(Stored entries)
++++++++++

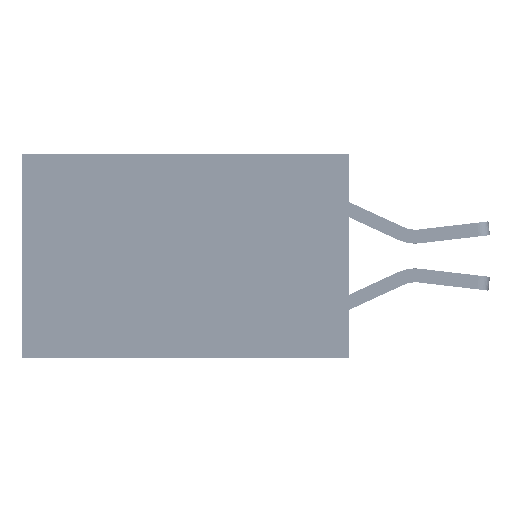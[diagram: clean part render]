
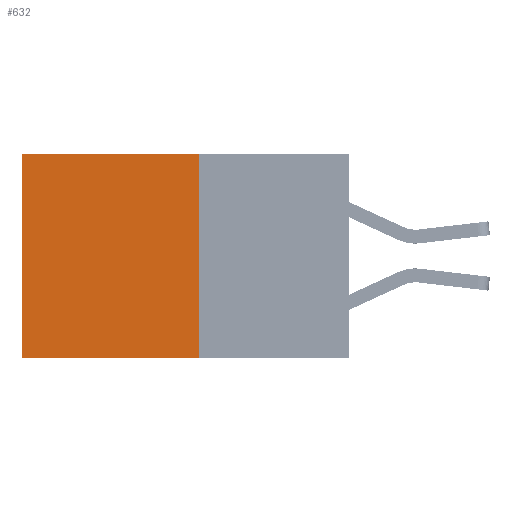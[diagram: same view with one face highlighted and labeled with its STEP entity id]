
A CAD part, left-side view. The second image highlights one B-rep face of the part: STEP entity #632.
In plain terms, the highlighted planar face has unit normal (-1, 0, 0).
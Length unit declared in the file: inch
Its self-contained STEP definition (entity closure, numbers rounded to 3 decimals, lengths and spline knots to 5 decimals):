
#632 = ADVANCED_FACE ( 'NONE', ( #11291 ), #23407, .F. ) ;
#1104 = CARTESIAN_POINT ( 'NONE',  ( 0.277, 0.27, -0.37 ) ) ;
#1443 = ORIENTED_EDGE ( 'NONE', *, *, #8614, .T. ) ;
#1936 = DIRECTION ( 'NONE',  ( 0., 1., 0. ) ) ;
#4868 = VECTOR ( 'NONE', #19256, 39.37008 ) ;
#6473 = CARTESIAN_POINT ( 'NONE',  ( 0.277, 0.27, 0. ) ) ;
#7953 = CARTESIAN_POINT ( 'NONE',  ( 0.277, 0.27, -0.37 ) ) ;
#8404 = VECTOR ( 'NONE', #13319, 39.37008 ) ;
#8406 = LINE ( 'NONE', #7953, #28611 ) ;
#8614 = EDGE_CURVE ( 'NONE', #27321, #19818, #11350, .T. ) ;
#8897 = ORIENTED_EDGE ( 'NONE', *, *, #12990, .F. ) ;
#10292 = CARTESIAN_POINT ( 'NONE',  ( 0.277, 0.27, 0. ) ) ;
#10498 = CARTESIAN_POINT ( 'NONE',  ( 0.277, 0.27, -0.37 ) ) ;
#11291 = FACE_OUTER_BOUND ( 'NONE', #21235, .T. ) ;
#11350 = LINE ( 'NONE', #10292, #18688 ) ;
#12990 = EDGE_CURVE ( 'NONE', #27321, #18585, #30304, .T. ) ;
#13319 = DIRECTION ( 'NONE',  ( 0., 0., -1. ) ) ;
#16980 = CARTESIAN_POINT ( 'NONE',  ( 0.277, 0.59, -0.37 ) ) ;
#18585 = VERTEX_POINT ( 'NONE', #1104 ) ;
#18688 = VECTOR ( 'NONE', #1936, 39.37008 ) ;
#19256 = DIRECTION ( 'NONE',  ( 0., 0., -1. ) ) ;
#19411 = AXIS2_PLACEMENT_3D ( 'NONE', #22475, #23107, #23332 ) ;
#19818 = VERTEX_POINT ( 'NONE', #24333 ) ;
#21235 = EDGE_LOOP ( 'NONE', ( #21573, #33281, #8897, #1443 ) ) ;
#21573 = ORIENTED_EDGE ( 'NONE', *, *, #33914, .T. ) ;
#21837 = EDGE_CURVE ( 'NONE', #18585, #23746, #8406, .T. ) ;
#22475 = CARTESIAN_POINT ( 'NONE',  ( 0.277, 0.27, -0.37 ) ) ;
#23107 = DIRECTION ( 'NONE',  ( 1., 0., 0. ) ) ;
#23332 = DIRECTION ( 'NONE',  ( 0., 0., -1. ) ) ;
#23407 = PLANE ( 'NONE',  #19411 ) ;
#23746 = VERTEX_POINT ( 'NONE', #16980 ) ;
#24333 = CARTESIAN_POINT ( 'NONE',  ( 0.277, 0.59, 0. ) ) ;
#27321 = VERTEX_POINT ( 'NONE', #6473 ) ;
#28611 = VECTOR ( 'NONE', #35405, 39.37008 ) ;
#30304 = LINE ( 'NONE', #10498, #8404 ) ;
#32858 = CARTESIAN_POINT ( 'NONE',  ( 0.277, 0.59, -0.37 ) ) ;
#33235 = LINE ( 'NONE', #32858, #4868 ) ;
#33281 = ORIENTED_EDGE ( 'NONE', *, *, #21837, .F. ) ;
#33914 = EDGE_CURVE ( 'NONE', #19818, #23746, #33235, .T. ) ;
#35405 = DIRECTION ( 'NONE',  ( 0., 1., 0. ) ) ;
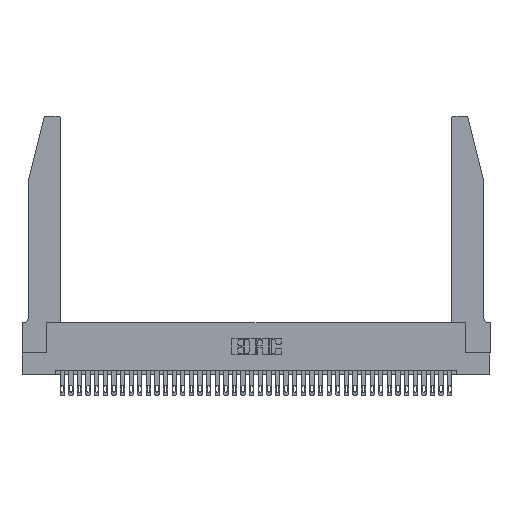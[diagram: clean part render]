
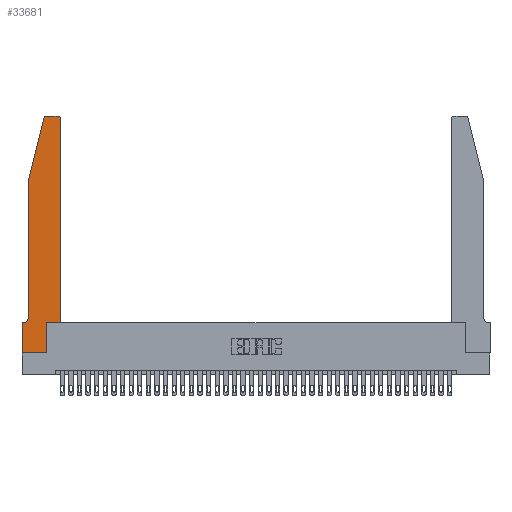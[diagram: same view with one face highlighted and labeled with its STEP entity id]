
A CAD part, top view. The second image highlights one B-rep face of the part: STEP entity #33681.
In plain terms, the highlighted planar face has unit normal (0, 0, 1).
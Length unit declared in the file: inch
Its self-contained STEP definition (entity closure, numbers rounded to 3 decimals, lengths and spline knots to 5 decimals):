
#63 = LINE ( 'NONE', #13842, #23939 ) ;
#73 = EDGE_CURVE ( 'NONE', #11095, #33877, #21612, .T. ) ;
#265 = CARTESIAN_POINT ( 'NONE',  ( 0.4505, 2.72, 0.37 ) ) ;
#416 = EDGE_CURVE ( 'NONE', #8961, #23256, #36718, .T. ) ;
#490 = VERTEX_POINT ( 'NONE', #5703 ) ;
#1253 = CARTESIAN_POINT ( 'NONE',  ( 0.0755, 0.42, 0.37 ) ) ;
#5703 = CARTESIAN_POINT ( 'NONE',  ( 0.4205, 2.75, 0.37 ) ) ;
#6117 = DIRECTION ( 'NONE',  ( 0., -1., 0. ) ) ;
#6192 = AXIS2_PLACEMENT_3D ( 'NONE', #17910, #31422, #35110 ) ;
#6345 = LINE ( 'NONE', #7668, #34552 ) ;
#7668 = CARTESIAN_POINT ( 'NONE',  ( 0.4505, 0.35, 0.37 ) ) ;
#7671 = CARTESIAN_POINT ( 'NONE',  ( 0.4205, 2.72, 0.37 ) ) ;
#7958 = CARTESIAN_POINT ( 'NONE',  ( 0., 0.35, 0.37 ) ) ;
#8218 = DIRECTION ( 'NONE',  ( 0., 0., 1. ) ) ;
#8357 = CARTESIAN_POINT ( 'NONE',  ( 0., 0., 0.37 ) ) ;
#8887 = CARTESIAN_POINT ( 'NONE',  ( 0.0755, 2., 0.37 ) ) ;
#8961 = VERTEX_POINT ( 'NONE', #23397 ) ;
#9012 = ORIENTED_EDGE ( 'NONE', *, *, #11675, .T. ) ;
#9973 = CARTESIAN_POINT ( 'NONE',  ( 0.0055, 0.35, 0.37 ) ) ;
#10136 = CARTESIAN_POINT ( 'NONE',  ( 0.4505, 0.35, 0.37 ) ) ;
#10383 = VERTEX_POINT ( 'NONE', #9973 ) ;
#10473 = ORIENTED_EDGE ( 'NONE', *, *, #33634, .T. ) ;
#10970 = DIRECTION ( 'NONE',  ( -0.239, -0.971, 0. ) ) ;
#11095 = VERTEX_POINT ( 'NONE', #32808 ) ;
#11608 = ORIENTED_EDGE ( 'NONE', *, *, #28059, .T. ) ;
#11675 = EDGE_CURVE ( 'NONE', #10383, #8961, #39729, .T. ) ;
#12038 = VERTEX_POINT ( 'NONE', #1253 ) ;
#12216 = EDGE_CURVE ( 'NONE', #490, #21823, #18283, .T. ) ;
#12367 = VECTOR ( 'NONE', #10970, 39.37008 ) ;
#12499 = ORIENTED_EDGE ( 'NONE', *, *, #33911, .T. ) ;
#12686 = LINE ( 'NONE', #8357, #39914 ) ;
#13035 = CIRCLE ( 'NONE', #6192, 0.07 ) ;
#13092 = DIRECTION ( 'NONE',  ( -1., 0., 0. ) ) ;
#13842 = CARTESIAN_POINT ( 'NONE',  ( 0.0755, 2., 0.37 ) ) ;
#14054 = CARTESIAN_POINT ( 'NONE',  ( 0., 0., 0.37 ) ) ;
#14530 = PLANE ( 'NONE',  #17660 ) ;
#14944 = VECTOR ( 'NONE', #13092, 39.37008 ) ;
#15720 = EDGE_LOOP ( 'NONE', ( #27569, #11608, #20144, #18434, #40113, #9012, #29407, #12499, #33056, #28661, #27659, #10473 ) ) ;
#16556 = CARTESIAN_POINT ( 'NONE',  ( 0.2865, 0.35, 0.37 ) ) ;
#16635 = LINE ( 'NONE', #16556, #20516 ) ;
#16700 = DIRECTION ( 'NONE',  ( 1., 0., 0. ) ) ;
#17660 = AXIS2_PLACEMENT_3D ( 'NONE', #7958, #8218, #20609 ) ;
#17910 = CARTESIAN_POINT ( 'NONE',  ( 0.0055, 0.42, 0.37 ) ) ;
#18283 = LINE ( 'NONE', #24377, #28432 ) ;
#18434 = ORIENTED_EDGE ( 'NONE', *, *, #18947, .T. ) ;
#18554 = CARTESIAN_POINT ( 'NONE',  ( 0.4505, 0.35, 0.37 ) ) ;
#18755 = DIRECTION ( 'NONE',  ( -1., 0., 0. ) ) ;
#18947 = EDGE_CURVE ( 'NONE', #33877, #12038, #63, .T. ) ;
#19023 = DIRECTION ( 'NONE',  ( 0., 0., 1. ) ) ;
#19150 = DIRECTION ( 'NONE',  ( 1., 0., 0. ) ) ;
#19734 = VERTEX_POINT ( 'NONE', #10136 ) ;
#20144 = ORIENTED_EDGE ( 'NONE', *, *, #73, .T. ) ;
#20476 = AXIS2_PLACEMENT_3D ( 'NONE', #7671, #38828, #29432 ) ;
#20516 = VECTOR ( 'NONE', #22787, 39.37008 ) ;
#20609 = DIRECTION ( 'NONE',  ( 1., 0., 0. ) ) ;
#21132 = AXIS2_PLACEMENT_3D ( 'NONE', #31755, #19023, #19150 ) ;
#21612 = LINE ( 'NONE', #36152, #12367 ) ;
#21823 = VERTEX_POINT ( 'NONE', #36470 ) ;
#22275 = CARTESIAN_POINT ( 'NONE',  ( 0.2865, 0.35, 0.37 ) ) ;
#22787 = DIRECTION ( 'NONE',  ( 0., 1., 0. ) ) ;
#22988 = CARTESIAN_POINT ( 'NONE',  ( 0.2865, 0., 0.37 ) ) ;
#23256 = VERTEX_POINT ( 'NONE', #33227 ) ;
#23397 = CARTESIAN_POINT ( 'NONE',  ( 0., 0.35, 0.37 ) ) ;
#23939 = VECTOR ( 'NONE', #6117, 39.37008 ) ;
#24105 = CIRCLE ( 'NONE', #21132, 0.03 ) ;
#24377 = CARTESIAN_POINT ( 'NONE',  ( 0.2605, 2.75, 0.37 ) ) ;
#24930 = VECTOR ( 'NONE', #28412, 39.37008 ) ;
#25309 = CIRCLE ( 'NONE', #20476, 0.03 ) ;
#25384 = VERTEX_POINT ( 'NONE', #22988 ) ;
#26394 = EDGE_CURVE ( 'NONE', #12038, #10383, #13035, .T. ) ;
#27569 = ORIENTED_EDGE ( 'NONE', *, *, #12216, .T. ) ;
#27659 = ORIENTED_EDGE ( 'NONE', *, *, #38008, .T. ) ;
#28059 = EDGE_CURVE ( 'NONE', #21823, #11095, #24105, .T. ) ;
#28412 = DIRECTION ( 'NONE',  ( 0., 1., 0. ) ) ;
#28432 = VECTOR ( 'NONE', #18755, 39.37008 ) ;
#28661 = ORIENTED_EDGE ( 'NONE', *, *, #30795, .T. ) ;
#29407 = ORIENTED_EDGE ( 'NONE', *, *, #416, .T. ) ;
#29432 = DIRECTION ( 'NONE',  ( 1., 0., 0. ) ) ;
#30786 = EDGE_CURVE ( 'NONE', #25384, #34609, #16635, .T. ) ;
#30795 = EDGE_CURVE ( 'NONE', #34609, #19734, #6345, .T. ) ;
#31422 = DIRECTION ( 'NONE',  ( 0., 0., -1. ) ) ;
#31534 = CARTESIAN_POINT ( 'NONE',  ( 0.0755, 0.35, 0.37 ) ) ;
#31755 = CARTESIAN_POINT ( 'NONE',  ( 0.284, 2.72, 0.37 ) ) ;
#32808 = CARTESIAN_POINT ( 'NONE',  ( 0.25487, 2.72718, 0.37 ) ) ;
#33056 = ORIENTED_EDGE ( 'NONE', *, *, #30786, .T. ) ;
#33227 = CARTESIAN_POINT ( 'NONE',  ( 0., 0., 0.37 ) ) ;
#33374 = DIRECTION ( 'NONE',  ( 1., 0., 0. ) ) ;
#33634 = EDGE_CURVE ( 'NONE', #33929, #490, #25309, .T. ) ;
#33681 = ADVANCED_FACE ( 'NONE', ( #35035 ), #14530, .T. ) ;
#33877 = VERTEX_POINT ( 'NONE', #8887 ) ;
#33911 = EDGE_CURVE ( 'NONE', #23256, #25384, #12686, .T. ) ;
#33929 = VERTEX_POINT ( 'NONE', #265 ) ;
#34552 = VECTOR ( 'NONE', #16700, 39.37008 ) ;
#34609 = VERTEX_POINT ( 'NONE', #22275 ) ;
#35035 = FACE_OUTER_BOUND ( 'NONE', #15720, .T. ) ;
#35110 = DIRECTION ( 'NONE',  ( -1., 0., 0. ) ) ;
#36152 = CARTESIAN_POINT ( 'NONE',  ( 0.0755, 2., 0.37 ) ) ;
#36470 = CARTESIAN_POINT ( 'NONE',  ( 0.284, 2.75, 0.37 ) ) ;
#36718 = LINE ( 'NONE', #14054, #40077 ) ;
#38008 = EDGE_CURVE ( 'NONE', #19734, #33929, #38557, .T. ) ;
#38471 = DIRECTION ( 'NONE',  ( 0., -1., 0. ) ) ;
#38557 = LINE ( 'NONE', #18554, #24930 ) ;
#38828 = DIRECTION ( 'NONE',  ( 0., 0., 1. ) ) ;
#39729 = LINE ( 'NONE', #31534, #14944 ) ;
#39914 = VECTOR ( 'NONE', #33374, 39.37008 ) ;
#40077 = VECTOR ( 'NONE', #38471, 39.37008 ) ;
#40113 = ORIENTED_EDGE ( 'NONE', *, *, #26394, .T. ) ;

++++++++++

_WHAT IS BEING ASKED:_ From the line that contains "#35110 = DIRECTION" through the last line of the records above, copy every line exactly and leave out the rest.

_TASK SOLUTION:_
#35110 = DIRECTION ( 'NONE',  ( -1., 0., 0. ) ) ;
#36152 = CARTESIAN_POINT ( 'NONE',  ( 0.0755, 2., 0.37 ) ) ;
#36470 = CARTESIAN_POINT ( 'NONE',  ( 0.284, 2.75, 0.37 ) ) ;
#36718 = LINE ( 'NONE', #14054, #40077 ) ;
#38008 = EDGE_CURVE ( 'NONE', #19734, #33929, #38557, .T. ) ;
#38471 = DIRECTION ( 'NONE',  ( 0., -1., 0. ) ) ;
#38557 = LINE ( 'NONE', #18554, #24930 ) ;
#38828 = DIRECTION ( 'NONE',  ( 0., 0., 1. ) ) ;
#39729 = LINE ( 'NONE', #31534, #14944 ) ;
#39914 = VECTOR ( 'NONE', #33374, 39.37008 ) ;
#40077 = VECTOR ( 'NONE', #38471, 39.37008 ) ;
#40113 = ORIENTED_EDGE ( 'NONE', *, *, #26394, .T. ) ;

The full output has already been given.